Houve um silêncio prolongado na sala, quase palpável, que durou cerca de dez minutos enquanto todos digeriam a informação que lhes havia sido jogada há pouco mais de uma hora.
Cada um tinha seus pensamentos enquanto tentavam compreender a situação com a ajuda de cérebros geneticamente aprimorados, os únicos capazes de manterem a calma durante aquela reunião específica.
Depois de tudo, não era todo dia que recebiam notícia de um Evento de Extinção em potencial.
“Assumo que, junto com esse anúncio, vocês já tenham um plano de ação em mente, certo?” Alexander foi o primeiro a falar, como sempre. Estava acostumado a receber de Aron, imediatamente, um roteiro detalhado de ações toda vez que os dois se encontravam, então, no fundo, esperava que a revelação de hoje fosse igual.

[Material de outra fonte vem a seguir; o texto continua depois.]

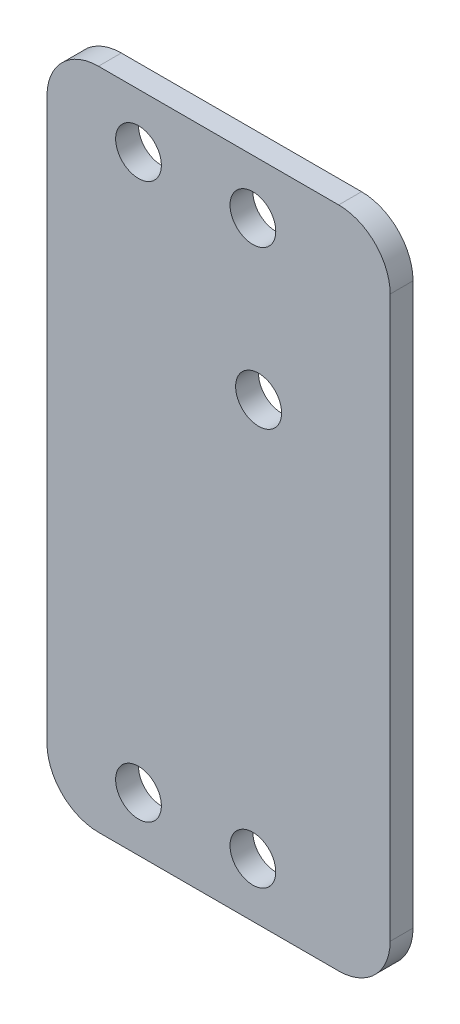
ISO-10303-21;
HEADER;
FILE_DESCRIPTION(('STEP AP214'),'2;1');
FILE_NAME('part.step','',(''),(''),'','','');
FILE_SCHEMA(('AUTOMOTIVE_DESIGN { 1 0 10303 214 1 1 1 1 }'));
ENDSEC;
DATA;
#1=APPLICATION_CONTEXT('core data for automotive mechanical design processes');
#2=APPLICATION_PROTOCOL_DEFINITION('international standard','automotive_design',2000,#1);
#3=PRODUCT_CONTEXT('',#1,'mechanical');
#4=PRODUCT('Part','Part','',(#3));
#5=PRODUCT_RELATED_PRODUCT_CATEGORY('part','',(#4));
#6=PRODUCT_DEFINITION_FORMATION('','',#4);
#7=PRODUCT_DEFINITION_CONTEXT('part definition',#1,'design');
#8=PRODUCT_DEFINITION('design','',#6,#7);
#9=PRODUCT_DEFINITION_SHAPE('','',#8);
#10=(LENGTH_UNIT() NAMED_UNIT(*) SI_UNIT(.MILLI.,.METRE.));
#11=(NAMED_UNIT(*) PLANE_ANGLE_UNIT() SI_UNIT($,.RADIAN.));
#12=(NAMED_UNIT(*) SI_UNIT($,.STERADIAN.) SOLID_ANGLE_UNIT());
#13=UNCERTAINTY_MEASURE_WITH_UNIT(LENGTH_MEASURE(1.E-05),#10,'distance_accuracy_value','');
#14=(GEOMETRIC_REPRESENTATION_CONTEXT(3) GLOBAL_UNCERTAINTY_ASSIGNED_CONTEXT((#13)) GLOBAL_UNIT_ASSIGNED_CONTEXT((#10,
#11,#12)) REPRESENTATION_CONTEXT('',''));
#15=CARTESIAN_POINT('',(0.,0.,0.));
#16=DIRECTION('',(0.,0.,1.));
#17=DIRECTION('',(1.,0.,0.));
#18=AXIS2_PLACEMENT_3D('',#15,#16,#17);
#19=CARTESIAN_POINT('',(0.,0.,2.));
#20=DIRECTION('',(0.,0.,1.));
#21=DIRECTION('',(1.,0.,0.));
#22=AXIS2_PLACEMENT_3D('',#19,#20,#21);
#23=PLANE('',#22);
#24=CARTESIAN_POINT('',(3.,-24.25,2.));
#25=DIRECTION('',(0.,0.,1.));
#26=DIRECTION('',(1.,0.,0.));
#27=AXIS2_PLACEMENT_3D('',#24,#25,#26);
#28=CIRCLE('',#27,2.);
#29=CARTESIAN_POINT('',(5.,-24.25,2.));
#30=VERTEX_POINT('',#29);
#31=EDGE_CURVE('E197',#30,#30,#28,.T.);
#32=ORIENTED_EDGE('',*,*,#31,.F.);
#33=EDGE_LOOP('',(#32));
#34=FACE_BOUND('',#33,.T.);
#35=CARTESIAN_POINT('',(-7.00000000000001,24.25,2.));
#36=DIRECTION('',(0.,0.,1.));
#37=DIRECTION('',(1.,0.,0.));
#38=AXIS2_PLACEMENT_3D('',#35,#36,#37);
#39=CIRCLE('',#38,2.);
#40=CARTESIAN_POINT('',(-5.00000000000001,24.25,2.));
#41=VERTEX_POINT('',#40);
#42=EDGE_CURVE('E186',#41,#41,#39,.T.);
#43=ORIENTED_EDGE('',*,*,#42,.F.);
#44=EDGE_LOOP('',(#43));
#45=FACE_BOUND('',#44,.T.);
#46=DIRECTION('',(1.,0.,0.));
#47=VECTOR('',#46,1.);
#48=CARTESIAN_POINT('',(-15.,-29.,2.));
#49=LINE('',#48,#47);
#50=CARTESIAN_POINT('',(-10.5,-29.,2.));
#51=VERTEX_POINT('',#50);
#52=CARTESIAN_POINT('',(10.5,-29.,2.));
#53=VERTEX_POINT('',#52);
#54=EDGE_CURVE('E173',#51,#53,#49,.T.);
#55=ORIENTED_EDGE('',*,*,#54,.T.);
#56=CARTESIAN_POINT('',(10.5,-24.5,2.));
#57=DIRECTION('',(0.,0.,1.));
#58=DIRECTION('',(1.,0.,0.));
#59=AXIS2_PLACEMENT_3D('',#56,#57,#58);
#60=CIRCLE('',#59,4.5);
#61=CARTESIAN_POINT('',(15.,-24.5,2.));
#62=VERTEX_POINT('',#61);
#63=EDGE_CURVE('E153',#53,#62,#60,.T.);
#64=ORIENTED_EDGE('',*,*,#63,.T.);
#65=DIRECTION('',(0.,1.,0.));
#66=VECTOR('',#65,1.);
#67=CARTESIAN_POINT('',(15.,29.,2.));
#68=LINE('',#67,#66);
#69=CARTESIAN_POINT('',(15.,24.5,2.));
#70=VERTEX_POINT('',#69);
#71=EDGE_CURVE('E104',#62,#70,#68,.T.);
#72=ORIENTED_EDGE('',*,*,#71,.T.);
#73=CARTESIAN_POINT('',(10.5,24.5,2.));
#74=DIRECTION('',(0.,0.,1.));
#75=DIRECTION('',(1.,0.,0.));
#76=AXIS2_PLACEMENT_3D('',#73,#74,#75);
#77=CIRCLE('',#76,4.5);
#78=CARTESIAN_POINT('',(10.5,29.,2.));
#79=VERTEX_POINT('',#78);
#80=EDGE_CURVE('E147',#70,#79,#77,.T.);
#81=ORIENTED_EDGE('',*,*,#80,.T.);
#82=DIRECTION('',(-1.,0.,0.));
#83=VECTOR('',#82,1.);
#84=CARTESIAN_POINT('',(-15.,29.,2.));
#85=LINE('',#84,#83);
#86=CARTESIAN_POINT('',(-10.5,29.,2.));
#87=VERTEX_POINT('',#86);
#88=EDGE_CURVE('E135',#79,#87,#85,.T.);
#89=ORIENTED_EDGE('',*,*,#88,.T.);
#90=CARTESIAN_POINT('',(-10.5,24.5,2.));
#91=DIRECTION('',(0.,0.,1.));
#92=DIRECTION('',(1.,0.,0.));
#93=AXIS2_PLACEMENT_3D('',#90,#91,#92);
#94=CIRCLE('',#93,4.5);
#95=CARTESIAN_POINT('',(-15.,24.5,2.));
#96=VERTEX_POINT('',#95);
#97=EDGE_CURVE('E144',#87,#96,#94,.T.);
#98=ORIENTED_EDGE('',*,*,#97,.T.);
#99=DIRECTION('',(0.,-1.,0.));
#100=VECTOR('',#99,1.);
#101=CARTESIAN_POINT('',(-15.,29.,2.));
#102=LINE('',#101,#100);
#103=CARTESIAN_POINT('',(-15.,-24.5,2.));
#104=VERTEX_POINT('',#103);
#105=EDGE_CURVE('E129',#96,#104,#102,.T.);
#106=ORIENTED_EDGE('',*,*,#105,.T.);
#107=CARTESIAN_POINT('',(-10.5,-24.5,2.));
#108=DIRECTION('',(0.,0.,1.));
#109=DIRECTION('',(1.,0.,0.));
#110=AXIS2_PLACEMENT_3D('',#107,#108,#109);
#111=CIRCLE('',#110,4.5);
#112=EDGE_CURVE('E150',#104,#51,#111,.T.);
#113=ORIENTED_EDGE('',*,*,#112,.T.);
#114=EDGE_LOOP('',(#55,#64,#72,#81,#89,#98,#106,#113));
#115=FACE_BOUND('',#114,.T.);
#116=CARTESIAN_POINT('',(2.99999999999999,24.25,2.));
#117=DIRECTION('',(0.,0.,1.));
#118=DIRECTION('',(1.,0.,0.));
#119=AXIS2_PLACEMENT_3D('',#116,#117,#118);
#120=CIRCLE('',#119,2.);
#121=CARTESIAN_POINT('',(4.99999999999999,24.25,2.));
#122=VERTEX_POINT('',#121);
#123=EDGE_CURVE('E181',#122,#122,#120,.T.);
#124=ORIENTED_EDGE('',*,*,#123,.F.);
#125=EDGE_LOOP('',(#124));
#126=FACE_BOUND('',#125,.T.);
#127=CARTESIAN_POINT('',(-7.,-24.25,2.));
#128=DIRECTION('',(0.,0.,1.));
#129=DIRECTION('',(1.,0.,0.));
#130=AXIS2_PLACEMENT_3D('',#127,#128,#129);
#131=CIRCLE('',#130,2.);
#132=CARTESIAN_POINT('',(-5.,-24.25,2.));
#133=VERTEX_POINT('',#132);
#134=EDGE_CURVE('E191',#133,#133,#131,.T.);
#135=ORIENTED_EDGE('',*,*,#134,.F.);
#136=EDGE_LOOP('',(#135));
#137=FACE_BOUND('',#136,.T.);
#138=CARTESIAN_POINT('',(3.5,10.75,2.));
#139=DIRECTION('',(0.,0.,1.));
#140=DIRECTION('',(1.,0.,0.));
#141=AXIS2_PLACEMENT_3D('',#138,#139,#140);
#142=CIRCLE('',#141,2.01);
#143=CARTESIAN_POINT('',(5.51,10.75,2.));
#144=VERTEX_POINT('',#143);
#145=EDGE_CURVE('E203',#144,#144,#142,.T.);
#146=ORIENTED_EDGE('',*,*,#145,.F.);
#147=EDGE_LOOP('',(#146));
#148=FACE_BOUND('',#147,.T.);
#149=ADVANCED_FACE('F35',(#34,#45,#115,#126,#137,#148),#23,.T.);
#150=CARTESIAN_POINT('',(0.,0.,0.));
#151=DIRECTION('',(0.,0.,1.));
#152=DIRECTION('',(1.,0.,0.));
#153=AXIS2_PLACEMENT_3D('',#150,#151,#152);
#154=PLANE('',#153);
#155=DIRECTION('',(0.,1.,0.));
#156=VECTOR('',#155,1.);
#157=CARTESIAN_POINT('',(15.,29.,0.));
#158=LINE('',#157,#156);
#159=CARTESIAN_POINT('',(15.,-24.5,0.));
#160=VERTEX_POINT('',#159);
#161=CARTESIAN_POINT('',(15.,24.5,0.));
#162=VERTEX_POINT('',#161);
#163=EDGE_CURVE('E102',#160,#162,#158,.T.);
#164=ORIENTED_EDGE('',*,*,#163,.F.);
#165=CARTESIAN_POINT('',(10.5,-24.5,0.));
#166=DIRECTION('',(0.,0.,1.));
#167=DIRECTION('',(1.,0.,0.));
#168=AXIS2_PLACEMENT_3D('',#165,#166,#167);
#169=CIRCLE('',#168,4.5);
#170=CARTESIAN_POINT('',(10.5,-29.,0.));
#171=VERTEX_POINT('',#170);
#172=EDGE_CURVE('E112',#160,#171,#169,.F.);
#173=ORIENTED_EDGE('',*,*,#172,.T.);
#174=DIRECTION('',(1.,0.,0.));
#175=VECTOR('',#174,1.);
#176=CARTESIAN_POINT('',(-15.,-29.,0.));
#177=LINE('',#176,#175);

{Infelizmente, ele está ouvindo isso pela primeira vez, assim como você. E como já percebeu, fomos convocados para essa reunião usando o Protocolo 404, o que significa que essa descoberta é completamente ‘recente’}, disse Nova com uma carranca. {Protocolo 404 é um protocolo de emergência ativado quando ficou evidente que todas as suas contribuições eram necessárias para criar um plano de reação a essa descoberta.}
“Vamos começar desligando aquilo que está enviando o sinal, antes de qualquer outra coisa,” afirmou Aron. Seria doloroso, já que ele perderia temporariamente o principal servidor quântico das AIs, que era totalmente movido a mana. Mas isso só representaria um aumento temporário na carga dos demais superclusters de servidores que Nova vinha construindo, e a redução no desempenho real não seria completamente devastadora.
Porém, o que realmente doeria seria o fato de seu principal impressor atômico também ser desligado enquanto fosse convertido de mana em eletricidade como fonte de energia.
“Com isso resolvido, ainda temos algum tempo para refletir e elaborar um plano de ação. Por ora, vamos fazer uma pausa para guardar nossos pensamentos e nos adaptar à nova descoberta,” concluiu.
Todos concordaram, pois sabiam que precisavam dessa pausa. Além disso, o tempo investido para digerir a informação agora traria maior produtividade depois, então o grupo se dividiu em pequenas equipes ou duplas, acostumadas a trabalhar juntas, para preparar os primeiros passos das sugestões que apresentariam na sessão de brainstorming que viria a seguir.
Depois de tudo, “mais rápido, menos efeito” não é à toa que é um ditado.